= Style sheet (desktop publishing) =

A style sheet is a feature in desktop publishing programs that store and apply formatting to text. Style sheets are a form of separation of presentation and content: it creates a separate abstraction to keep the presentation isolated from the text data.

Style sheets are a common feature in most popular desktop publishing and word processing programs, including Corel Ventura, Adobe InDesign, Scribus, PageMaker, QuarkXPress, WordPerfect, and Microsoft Word, though they may be referred to using slightly different terminology. For example, in Microsoft Word a style sheet is known as a template.

The most well-known form of style sheet is the Cascading Style Sheet (CSS), which is used for styling Web pages.

== Use ==
Individual styles are created by the user and may include a wide variety of commands that dictate how a selected portion of text is formatted:

- Typeface or font
- Boldfacing
- Italicizing
- Underlining
- Justification (left, right, center, justify, force justify)
- Space before and after paragraphs
- Tab stops and indentation
- Type size
- Leading
- Kerning
- Tracking
- Color
- Borders or strokes
- Superscript or subscript
- Dropcaps
- Letter case
- Strike through
- Outline font style
- Hyphenation

In most programs with style sheets, there is a window or menu listing the style sheets the user has associated with the document. For example, a newspaper may have a style sheet for its story text called "Body copy" that sets the type at 10 point Nimrod with 11 point leading and justified alignment.

Most programs allow users to name their own styles. Usually easy-to-remember names are used that describe what the style is used for. Common names might include "headline," "subhead" and "byline."

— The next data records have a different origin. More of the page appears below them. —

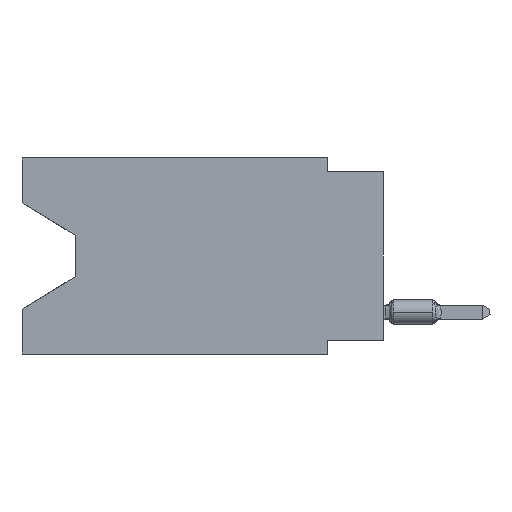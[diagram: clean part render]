
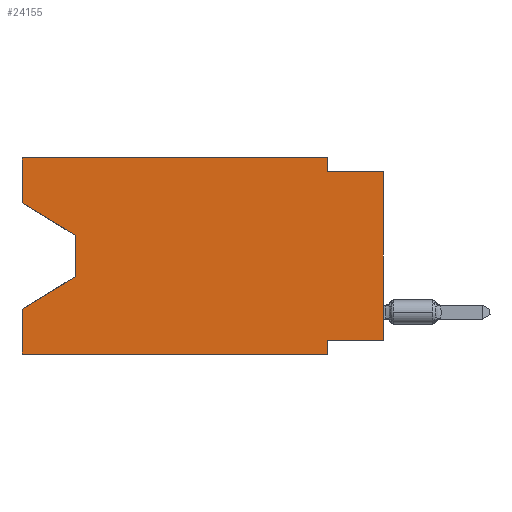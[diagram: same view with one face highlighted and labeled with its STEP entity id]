
A CAD part, left-side view. The second image highlights one B-rep face of the part: STEP entity #24155.
In plain terms, the highlighted planar face has unit normal (-1, 0, 0).
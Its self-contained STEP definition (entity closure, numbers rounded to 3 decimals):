
#120 = VECTOR ( 'NONE', #40571, 1000. ) ;
#173 = CARTESIAN_POINT ( 'NONE',  ( 0., 0., -8.255 ) ) ;
#1086 = LINE ( 'NONE', #61070, #8250 ) ;
#1142 = VERTEX_POINT ( 'NONE', #64276 ) ;
#1245 = VECTOR ( 'NONE', #37471, 1000. ) ;
#1780 = DIRECTION ( 'NONE',  ( 0., -1., 0. ) ) ;
#3478 = DIRECTION ( 'NONE',  ( 0., 0., -1. ) ) ;
#3506 = EDGE_CURVE ( 'NONE', #14370, #38819, #30589, .T. ) ;
#5130 = VERTEX_POINT ( 'NONE', #45987 ) ;
#5617 = ORIENTED_EDGE ( 'NONE', *, *, #63022, .F. ) ;
#6948 = ORIENTED_EDGE ( 'NONE', *, *, #3506, .T. ) ;
#7699 = DIRECTION ( 'NONE',  ( 0., -1., 0. ) ) ;
#8017 = DIRECTION ( 'NONE',  ( 0., 0., 1. ) ) ;
#8250 = VECTOR ( 'NONE', #1780, 1000. ) ;
#8737 = LINE ( 'NONE', #41377, #31765 ) ;
#9317 = CARTESIAN_POINT ( 'NONE',  ( 0., 0., 0. ) ) ;
#9527 = CARTESIAN_POINT ( 'NONE',  ( 0., 13.97, -3.505 ) ) ;
#10179 = VERTEX_POINT ( 'NONE', #19421 ) ;
#10288 = DIRECTION ( 'NONE',  ( 0., 0., 1. ) ) ;
#12784 = EDGE_CURVE ( 'NONE', #42055, #1142, #37810, .T. ) ;
#13929 = EDGE_CURVE ( 'NONE', #19706, #1142, #37487, .T. ) ;
#14370 = VERTEX_POINT ( 'NONE', #43013 ) ;
#14632 = ORIENTED_EDGE ( 'NONE', *, *, #24115, .F. ) ;
#15607 = DIRECTION ( 'NONE',  ( 0., 1., 0. ) ) ;
#15711 = VECTOR ( 'NONE', #38516, 1000. ) ;
#16303 = LINE ( 'NONE', #173, #44985 ) ;
#17675 = DIRECTION ( 'NONE',  ( 0., 0., -1. ) ) ;
#17973 = VERTEX_POINT ( 'NONE', #32679 ) ;
#18152 = ORIENTED_EDGE ( 'NONE', *, *, #36753, .F. ) ;
#19421 = CARTESIAN_POINT ( 'NONE',  ( 0., 16.383, 0. ) ) ;
#19706 = VERTEX_POINT ( 'NONE', #45902 ) ;
#20276 = EDGE_CURVE ( 'NONE', #38819, #17973, #32074, .T. ) ;
#21553 = DIRECTION ( 'NONE',  ( 0., 0.855, -0.519 ) ) ;
#23441 = VECTOR ( 'NONE', #62162, 1000. ) ;
#23731 = VERTEX_POINT ( 'NONE', #44452 ) ;
#24115 = EDGE_CURVE ( 'NONE', #5130, #42055, #16303, .T. ) ;
#24155 = ADVANCED_FACE ( 'NONE', ( #59462 ), #27872, .F. ) ;
#25918 = ORIENTED_EDGE ( 'NONE', *, *, #20276, .T. ) ;
#26005 = ORIENTED_EDGE ( 'NONE', *, *, #45834, .T. ) ;
#26456 = ORIENTED_EDGE ( 'NONE', *, *, #31660, .F. ) ;
#26928 = EDGE_CURVE ( 'NONE', #10179, #68916, #1086, .T. ) ;
#27130 = LINE ( 'NONE', #53101, #38390 ) ;
#27872 = PLANE ( 'NONE',  #48346 ) ;
#28092 = ORIENTED_EDGE ( 'NONE', *, *, #13929, .T. ) ;
#29022 = LINE ( 'NONE', #50795, #67282 ) ;
#29288 = CARTESIAN_POINT ( 'NONE',  ( 0., 16.383, -2.038 ) ) ;
#29448 = LINE ( 'NONE', #45276, #36164 ) ;
#30068 = DIRECTION ( 'NONE',  ( 0., -0.855, -0.519 ) ) ;
#30589 = LINE ( 'NONE', #9527, #23441 ) ;
#30961 = VECTOR ( 'NONE', #21553, 1000. ) ;
#31660 = EDGE_CURVE ( 'NONE', #19706, #17973, #57491, .T. ) ;
#31765 = VECTOR ( 'NONE', #3478, 1000. ) ;
#32074 = LINE ( 'NONE', #59095, #30961 ) ;
#32679 = CARTESIAN_POINT ( 'NONE',  ( 0., 16.383, -6.852 ) ) ;
#34860 = ORIENTED_EDGE ( 'NONE', *, *, #26928, .F. ) ;
#34952 = LINE ( 'NONE', #9317, #120 ) ;
#36164 = VECTOR ( 'NONE', #7699, 1000. ) ;
#36753 = EDGE_CURVE ( 'NONE', #40158, #10179, #27130, .T. ) ;
#37471 = DIRECTION ( 'NONE',  ( 0., 0., -1. ) ) ;
#37487 = LINE ( 'NONE', #54300, #15711 ) ;
#37810 = LINE ( 'NONE', #54629, #1245 ) ;
#38390 = VECTOR ( 'NONE', #10288, 1000. ) ;
#38516 = DIRECTION ( 'NONE',  ( 0., -1., 0. ) ) ;
#38819 = VERTEX_POINT ( 'NONE', #47940 ) ;
#40158 = VERTEX_POINT ( 'NONE', #29288 ) ;
#40571 = DIRECTION ( 'NONE',  ( 0., 0., 1. ) ) ;
#41377 = CARTESIAN_POINT ( 'NONE',  ( 0., 2.54, 0. ) ) ;
#42055 = VERTEX_POINT ( 'NONE', #63720 ) ;
#43013 = CARTESIAN_POINT ( 'NONE',  ( 0., 13.97, -3.505 ) ) ;
#43667 = CARTESIAN_POINT ( 'NONE',  ( 0., 16.383, 0. ) ) ;
#44371 = DIRECTION ( 'NONE',  ( 1., 0., 0. ) ) ;
#44452 = CARTESIAN_POINT ( 'NONE',  ( 0., 0., -0.635 ) ) ;
#44589 = VECTOR ( 'NONE', #8017, 1000. ) ;
#44985 = VECTOR ( 'NONE', #15607, 1000. ) ;
#45276 = CARTESIAN_POINT ( 'NONE',  ( 0., 0., -0.635 ) ) ;
#45834 = EDGE_CURVE ( 'NONE', #40158, #14370, #29022, .T. ) ;
#45902 = CARTESIAN_POINT ( 'NONE',  ( 0., 16.383, -8.89 ) ) ;
#45987 = CARTESIAN_POINT ( 'NONE',  ( 0., 0., -8.255 ) ) ;
#47940 = CARTESIAN_POINT ( 'NONE',  ( 0., 13.97, -5.385 ) ) ;
#48346 = AXIS2_PLACEMENT_3D ( 'NONE', #43667, #44371, #17675 ) ;
#50795 = CARTESIAN_POINT ( 'NONE',  ( 0., 16.383, -2.038 ) ) ;
#53101 = CARTESIAN_POINT ( 'NONE',  ( 0., 16.383, 0. ) ) ;
#54300 = CARTESIAN_POINT ( 'NONE',  ( 0., 16.383, -8.89 ) ) ;
#54629 = CARTESIAN_POINT ( 'NONE',  ( 0., 2.54, -8.89 ) ) ;
#56077 = CARTESIAN_POINT ( 'NONE',  ( 0., 16.383, 0. ) ) ;
#57491 = LINE ( 'NONE', #56077, #44589 ) ;
#58952 = ORIENTED_EDGE ( 'NONE', *, *, #60656, .T. ) ;
#59095 = CARTESIAN_POINT ( 'NONE',  ( 0., 13.97, -5.385 ) ) ;
#59462 = FACE_OUTER_BOUND ( 'NONE', #62516, .T. ) ;
#59767 = VERTEX_POINT ( 'NONE', #63496 ) ;
#60656 = EDGE_CURVE ( 'NONE', #5130, #23731, #34952, .T. ) ;
#61070 = CARTESIAN_POINT ( 'NONE',  ( 0., 16.383, 0. ) ) ;
#62162 = DIRECTION ( 'NONE',  ( 0., 0., -1. ) ) ;
#62223 = ORIENTED_EDGE ( 'NONE', *, *, #69227, .F. ) ;
#62516 = EDGE_LOOP ( 'NONE', ( #26005, #6948, #25918, #26456, #28092, #63371, #14632, #58952, #62223, #5617, #34860, #18152 ) ) ;
#63022 = EDGE_CURVE ( 'NONE', #68916, #59767, #8737, .T. ) ;
#63371 = ORIENTED_EDGE ( 'NONE', *, *, #12784, .F. ) ;
#63496 = CARTESIAN_POINT ( 'NONE',  ( 0., 2.54, -0.635 ) ) ;
#63720 = CARTESIAN_POINT ( 'NONE',  ( 0., 2.54, -8.255 ) ) ;
#64276 = CARTESIAN_POINT ( 'NONE',  ( 0., 2.54, -8.89 ) ) ;
#67282 = VECTOR ( 'NONE', #30068, 1000. ) ;
#67891 = CARTESIAN_POINT ( 'NONE',  ( 0., 2.54, 0. ) ) ;
#68916 = VERTEX_POINT ( 'NONE', #67891 ) ;
#69227 = EDGE_CURVE ( 'NONE', #59767, #23731, #29448, .T. ) ;

To apply a style to a portion of text, most programs allow users to select the text with their mouse and then click on the desired style in a style panel.

Some programs split style sheets into two classes: paragraph and character.

Paragraph style sheets are applied to an entire paragraph while character styles are applied to only a select number of characters. Character styles are useful when a user needs to format only a small portion of a paragraph. For example, a newspaper may publish lists of current movies by starting with the name of a movie in a bold, sans serif typeface. Then, without starting a new paragraph, the review starts in the standard story text format. In this case, the designer could highlight the movie title and select the appropriate character style to apply the formatting only to the title. The rest of the paragraph can then be styled independently.

More advanced layout programs allow users to format more complex paragraphs with a single paragraph style. Using our movie review example above, say the newspaper always places a colon after the movie title and runs 10 short movie reviews as one large story. In this case, the style could be programmed to apply the bold, sans serif typeface at the start of a new paragraph until it encounters a colon. After the colon, the style switches to the standard story text style. Therefore, the designer could highlight the entire collection and apply only one style that will automatically format the entire story without having to go through and apply separate character styles to each of the 10 reviews.

Some scorewriters, including MuseScore and Sibelius, implement style sheets to control the appearance and layout of sheet music.

== Benefits ==
Style sheets help publications maintain consistency, so common elements such as story text, headlines and bylines always appear the same. Style sheets also help save time allowing a designer to click once rather than having to apply each element one at a time and risk using an incorrect value.

Finally, style sheets are also useful if a publication decides to make changes to a design - say, make the story text slightly smaller. A user with proper administrative access can make the change to the master style sheet and then "send" the revised style sheets to all users, so the change is automatically reflected.